#### [Task objective]
What is needed is each line of the data below that holds the string "mode".
##### Entries shown #####
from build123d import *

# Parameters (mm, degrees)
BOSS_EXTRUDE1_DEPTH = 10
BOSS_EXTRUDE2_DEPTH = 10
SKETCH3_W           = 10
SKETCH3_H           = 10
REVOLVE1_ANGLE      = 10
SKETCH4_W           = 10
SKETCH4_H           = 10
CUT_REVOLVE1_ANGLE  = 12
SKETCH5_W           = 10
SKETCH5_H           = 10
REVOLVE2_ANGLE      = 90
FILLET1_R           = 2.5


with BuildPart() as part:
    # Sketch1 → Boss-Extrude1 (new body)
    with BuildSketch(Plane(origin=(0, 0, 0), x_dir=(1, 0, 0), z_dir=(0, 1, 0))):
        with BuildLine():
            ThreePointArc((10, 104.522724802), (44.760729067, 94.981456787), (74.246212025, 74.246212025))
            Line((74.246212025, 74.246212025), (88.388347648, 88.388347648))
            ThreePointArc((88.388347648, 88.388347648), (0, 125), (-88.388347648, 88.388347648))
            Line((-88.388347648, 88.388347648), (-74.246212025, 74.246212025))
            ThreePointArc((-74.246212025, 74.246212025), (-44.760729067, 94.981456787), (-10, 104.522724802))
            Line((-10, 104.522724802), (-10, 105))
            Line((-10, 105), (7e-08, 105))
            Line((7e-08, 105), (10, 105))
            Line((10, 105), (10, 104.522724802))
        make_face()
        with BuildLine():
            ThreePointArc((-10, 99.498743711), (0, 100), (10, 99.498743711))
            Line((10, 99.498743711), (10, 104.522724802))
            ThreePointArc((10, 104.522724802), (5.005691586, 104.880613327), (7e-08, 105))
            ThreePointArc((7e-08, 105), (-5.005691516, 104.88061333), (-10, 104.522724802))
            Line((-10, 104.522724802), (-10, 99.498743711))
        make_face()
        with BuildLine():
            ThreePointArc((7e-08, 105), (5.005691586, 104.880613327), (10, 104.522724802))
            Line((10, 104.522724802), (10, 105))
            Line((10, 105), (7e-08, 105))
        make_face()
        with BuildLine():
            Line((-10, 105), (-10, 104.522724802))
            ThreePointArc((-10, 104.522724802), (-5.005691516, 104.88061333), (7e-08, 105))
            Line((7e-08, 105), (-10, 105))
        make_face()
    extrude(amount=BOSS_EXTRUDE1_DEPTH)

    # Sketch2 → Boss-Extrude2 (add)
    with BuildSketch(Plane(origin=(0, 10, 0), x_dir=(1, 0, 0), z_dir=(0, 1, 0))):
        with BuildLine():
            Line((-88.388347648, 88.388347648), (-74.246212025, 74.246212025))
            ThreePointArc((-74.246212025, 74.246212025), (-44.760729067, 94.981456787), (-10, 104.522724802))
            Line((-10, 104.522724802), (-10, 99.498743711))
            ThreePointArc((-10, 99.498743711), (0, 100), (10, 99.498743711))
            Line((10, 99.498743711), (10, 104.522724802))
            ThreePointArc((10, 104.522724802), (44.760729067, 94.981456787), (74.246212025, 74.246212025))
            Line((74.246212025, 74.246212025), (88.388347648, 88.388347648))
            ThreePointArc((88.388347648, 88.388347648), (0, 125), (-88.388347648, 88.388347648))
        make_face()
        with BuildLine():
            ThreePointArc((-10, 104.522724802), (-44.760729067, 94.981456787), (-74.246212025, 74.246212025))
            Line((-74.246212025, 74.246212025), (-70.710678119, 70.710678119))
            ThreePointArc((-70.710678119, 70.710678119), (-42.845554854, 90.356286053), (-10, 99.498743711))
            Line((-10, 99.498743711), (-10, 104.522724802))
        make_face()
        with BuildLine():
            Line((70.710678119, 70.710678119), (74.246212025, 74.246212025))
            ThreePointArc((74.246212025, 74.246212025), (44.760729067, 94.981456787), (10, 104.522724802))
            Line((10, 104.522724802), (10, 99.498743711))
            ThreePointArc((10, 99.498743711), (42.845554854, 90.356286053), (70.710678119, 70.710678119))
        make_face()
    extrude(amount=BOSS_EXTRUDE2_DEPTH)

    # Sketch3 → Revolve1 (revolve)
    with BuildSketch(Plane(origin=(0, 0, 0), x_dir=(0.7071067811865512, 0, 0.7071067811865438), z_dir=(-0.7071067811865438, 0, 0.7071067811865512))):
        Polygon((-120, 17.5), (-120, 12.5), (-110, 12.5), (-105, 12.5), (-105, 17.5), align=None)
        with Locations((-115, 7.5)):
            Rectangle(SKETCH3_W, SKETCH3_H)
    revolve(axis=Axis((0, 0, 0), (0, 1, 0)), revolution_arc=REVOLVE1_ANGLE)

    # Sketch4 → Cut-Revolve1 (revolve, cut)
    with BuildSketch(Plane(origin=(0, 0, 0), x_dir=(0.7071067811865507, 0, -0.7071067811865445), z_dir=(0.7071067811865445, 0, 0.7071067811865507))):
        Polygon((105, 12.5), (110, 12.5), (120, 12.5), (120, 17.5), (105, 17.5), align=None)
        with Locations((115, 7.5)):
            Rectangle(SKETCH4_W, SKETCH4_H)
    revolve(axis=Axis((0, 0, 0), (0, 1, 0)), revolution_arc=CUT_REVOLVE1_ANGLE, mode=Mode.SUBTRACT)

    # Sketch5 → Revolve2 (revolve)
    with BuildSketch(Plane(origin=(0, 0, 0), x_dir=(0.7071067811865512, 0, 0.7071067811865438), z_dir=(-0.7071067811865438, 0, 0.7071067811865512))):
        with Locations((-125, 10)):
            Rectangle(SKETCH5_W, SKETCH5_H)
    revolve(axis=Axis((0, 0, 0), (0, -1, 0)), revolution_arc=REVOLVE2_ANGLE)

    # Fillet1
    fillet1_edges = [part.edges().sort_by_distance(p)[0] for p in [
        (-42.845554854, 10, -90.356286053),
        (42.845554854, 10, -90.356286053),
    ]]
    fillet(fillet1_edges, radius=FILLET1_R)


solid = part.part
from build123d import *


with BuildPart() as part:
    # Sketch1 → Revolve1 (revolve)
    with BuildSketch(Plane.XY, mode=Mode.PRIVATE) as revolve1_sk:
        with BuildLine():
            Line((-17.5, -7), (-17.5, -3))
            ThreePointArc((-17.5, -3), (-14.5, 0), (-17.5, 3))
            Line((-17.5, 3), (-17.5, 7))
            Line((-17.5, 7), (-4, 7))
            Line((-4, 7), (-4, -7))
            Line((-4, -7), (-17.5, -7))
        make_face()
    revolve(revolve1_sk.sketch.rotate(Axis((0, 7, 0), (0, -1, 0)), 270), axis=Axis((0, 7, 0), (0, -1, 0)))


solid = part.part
#####
#### [Expected output]
    revolve(axis=Axis((0, 0, 0), (0, 1, 0)), revolution_arc=CUT_REVOLVE1_ANGLE, mode=Mode.SUBTRACT)
    with BuildSketch(Plane.XY, mode=Mode.PRIVATE) as revolve1_sk:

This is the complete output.